Cinéma : rencontre avec Maksym Nakonechnyi, réalisateur ukrainien de « Butterfly Vision »

Butterfly Vision est sur les écrans de cinéma cet automne en France et le film a été sélectionné au festival de Cannes dans la catégorie “Un Certain Regard”. Nous avons rencontré son réalisateur, Maksym Nakonechnyi.

Le premier long-métrage de Maksym Nakonechnyi Butterfly Vision sort dans les salles françaises le 12 octobre. Cette fiction onirique et bouleversante retrace le retour à la vie civile de Lilia, après deux années de captivité passées dans les geôles séparatistes lors de la guerre du Donbass. Le réalisateur livre un portrait sans concession d’une combattante résiliente, ni héroïne ni victime, tentant de se reconstruire après l’indicible. Dans Butterfly Vision, ce n’est pas seulement une femme, mais une société toute entière qui portent les marques indélébiles du conflit. Un récit intimiste et percutant sur la façon dont la guerre change durablement les corps et les âmes de toute une nation.

Propos recueillis par Flora Cavero-Palacio.

Le Courrier d’Europe Centrale : Dans Butterfly Vision, une femme occupe le rôle principal. Elle tente de reprendre une vie normale auprès de ses proches et de son mari, en éludant ou minimisant parfois les sévices qu’elle a subis durant sa détention. Elle apparaît comme une figure forte, quasiment stoïque, face aux protagonistes masculins, plus enclins à laisser jaillir la rage sous-jacente qui les anime depuis le début de la guerre. La différence de traitement entre ces deux catégories de personnages relève-t-elle d’un choix symbolique ?

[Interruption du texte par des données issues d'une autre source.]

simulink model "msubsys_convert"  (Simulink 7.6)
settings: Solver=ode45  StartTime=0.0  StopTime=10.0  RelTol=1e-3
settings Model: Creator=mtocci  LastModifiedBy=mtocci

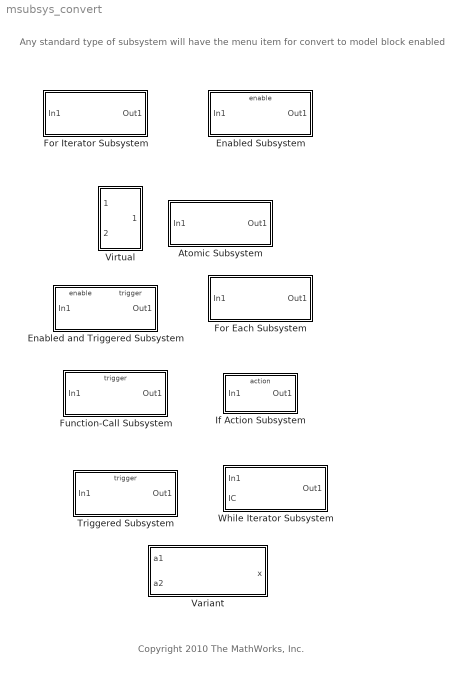
== system msubsys_convert ==
  note: Any standard type of subsystem will
      | have the menu item for convert to model block enabled
  note: Copyright 2010 The MathWorks, Inc.
  Atomic Subsystem : Subsystem  TreatAsAtomicUnit=on
  Enabled Subsystem : Subsystem  TreatAsAtomicUnit=on
  Enabled and Triggered Subsystem : Subsystem  TreatAsAtomicUnit=on
  For Each Subsystem : Subsystem  TreatAsAtomicUnit=on
  For Iterator Subsystem : Subsystem  TreatAsAtomicUnit=on
  Function-Call Subsystem : Subsystem  TreatAsAtomicUnit=on
  If Action Subsystem : Subsystem  TreatAsAtomicUnit=on
  Triggered Subsystem : Subsystem  TreatAsAtomicUnit=on
  Variant : Subsystem  Variant=on
  Virtual : Subsystem
  While Iterator Subsystem : Subsystem  TreatAsAtomicUnit=on

== system msubsys_convert/Atomic Subsystem ==
  In1 : Inport
  Out1 : Outport
  wires:
  In1/1 -> Out1/1

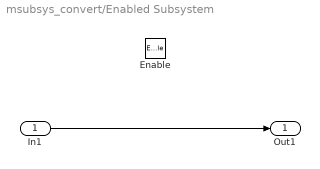
== system msubsys_convert/Enabled Subsystem ==
  In1 : Inport
  Enable : EnablePort
  Out1 : Outport
  wires:
  In1/1 -> Out1/1

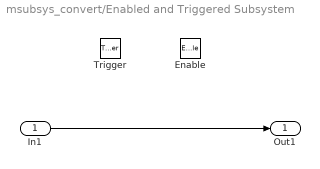
== system msubsys_convert/Enabled and Triggered Subsystem ==
  In1 : Inport
  Enable : EnablePort
  Trigger : TriggerPort
  Out1 : Outport
  wires:
  In1/1 -> Out1/1

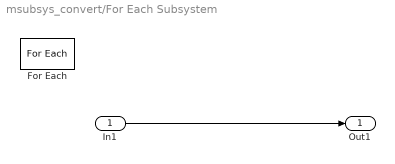
== system msubsys_convert/For Each Subsystem ==
  In1 : Inport  Partition=on  PartitionDimension=1  PartitionWidth=1
  For Each : ForEach  DisableCoverage=on  IndexMode=One-based
  Out1 : Outport  ConcatenationDimension=1
  wires:
  In1/1 -> Out1/1

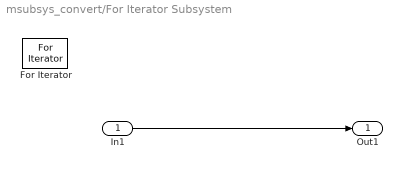
== system msubsys_convert/For Iterator Subsystem ==
  In1 : Inport
  For Iterator : ForIterator
  Out1 : Outport
  wires:
  In1/1 -> Out1/1

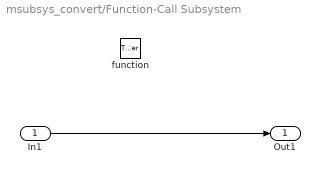
== system msubsys_convert/Function-Call Subsystem ==
  In1 : Inport
  function : TriggerPort  TriggerType=function-call
  Out1 : Outport
  wires:
  In1/1 -> Out1/1

== system msubsys_convert/If Action Subsystem ==
  In1 : Inport
  Action Port : ActionPort
  Out1 : Outport
  wires:
  In1/1 -> Out1/1

== system msubsys_convert/Triggered Subsystem ==
  In1 : Inport
  Trigger : TriggerPort
  Out1 : Outport
  wires:
  In1/1 -> Out1/1

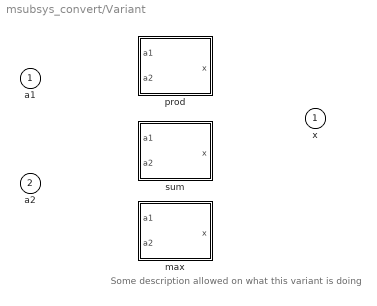
== system msubsys_convert/Variant ==
  note: Some description allowed on what this variant is doing
  a1 : Inport
  a2 : Inport  Port=2
  max : Subsystem  VariantObject=varMax
  prod : Subsystem  VariantObject=varProd
  sum : Subsystem  VariantObject=varSum
  x : Outport  InitialOutput=0

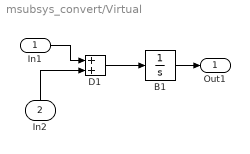
== system msubsys_convert/Virtual ==
  In1 : Inport
  In2 : Inport  Port=2
  B1 : Integrator
  D1 : Sum  SaturateOnIntegerOverflow=on  InputSameDT=on  OutDataTypeStr=Inherit: Same as first input
  Out1 : Outport
  wires:
  D1/1 -> B1/1
  In2/1 -> D1/2
  B1/1 -> Out1/1
  In1/1 -> D1/1

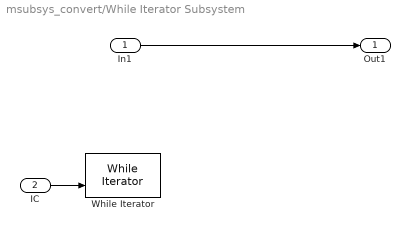
== system msubsys_convert/While Iterator Subsystem ==
  In1 : Inport
  IC : Inport  Port=2
  While Iterator : WhileIterator
  Out1 : Outport
  wires:
  IC/1 -> While Iterator/2
  In1/1 -> Out1/1

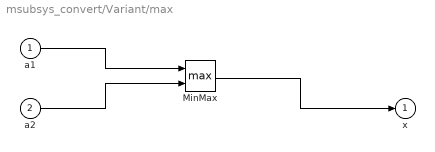
== system msubsys_convert/Variant/max ==
  a1 : Inport
  a2 : Inport  Port=2
  MinMax : MinMax  Function=max  Inputs=2
  x : Outport  InitialOutput=0
  wires:
  MinMax/1 -> x/1
  a2/1 -> MinMax/2
  a1/1 -> MinMax/1

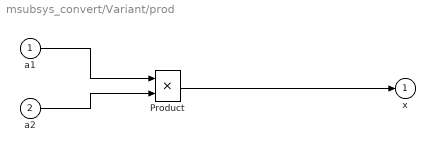
== system msubsys_convert/Variant/prod ==
  a1 : Inport
  a2 : Inport  Port=2
  Product : Product  SaturateOnIntegerOverflow=on  RndMeth=Zero  InputSameDT=on  OutDataTypeStr=Inherit: Same as first input
  x : Outport  InitialOutput=0
  wires:
  a2/1 -> Product/2
  a1/1 -> Product/1
  Product/1 -> x/1

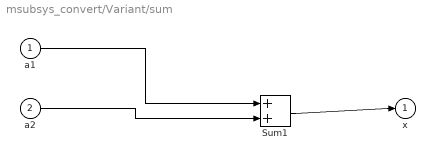
== system msubsys_convert/Variant/sum ==
  a1 : Inport
  a2 : Inport  Port=2
  Sum1 : Sum  SaturateOnIntegerOverflow=on  InputSameDT=on  OutDataTypeStr=Inherit: Same as first input
  x : Outport  InitialOutput=0
  wires:
  a2/1 -> Sum1/2
  a1/1 -> Sum1/1
  Sum1/1 -> x/1

Maksym Nakonechnyi : Ce n’était pas réellement intentionnel de mettre en lumière une quelconque faiblesse ou même les faiblesses des personnages masculins tels que Tokha (ndlr : le mari de Lilia dans le film) ; et de les confronter à la bravoure des personnages féminins. L’opposition pure n’était donc pas mon but premier. Il était surtout important pour moi de ne pas me sentir réfréné dans la narration du film, et d’être en mesure de mettre en scène des situations qui représentent un défi moral pour les protagonistes. Les controverses dépeintes au cours du récit ont toutes été engendrées par la guerre, dans leurs aspects les plus abrupts et les plus acérés. Les personnages masculins, qu’il s’agisse de Tokha ou des anciens camarades de combat de Lilia, n’ont pas vécu la même expérience de la captivité qu’elle et semblent à première vue moins affectés par la guerre qu’elle ne l’a été, notamment sur le plan physique ou traumatique. Ainsi, ils n’ont pas vécu le viol, la torture, le syndrome de stress post-traumatique, la grossesse, la tentative d’avortement incitée par Tokha. Cependant, ils demeurent fortement impactés par le conflit et je souhaitais également souligner les effets et l’influence de celui-ci sur leurs vies : des conséquences peut-être plus invisibles ou du moins, plus inattendues, qui ne sont pas immédiatement perceptibles mais qui sont tout autant cruciales et tragiques. Tokha n’a plus combattu depuis la capture de Lilia, et pourtant, il possède une impressionnante collection d’armes chez lui, à portée de main. Il ne parvient pas non plus à se faire à l’idée que Lilia porte un enfant qui naîtra d’un viol, et réagit avec une grande véhémence.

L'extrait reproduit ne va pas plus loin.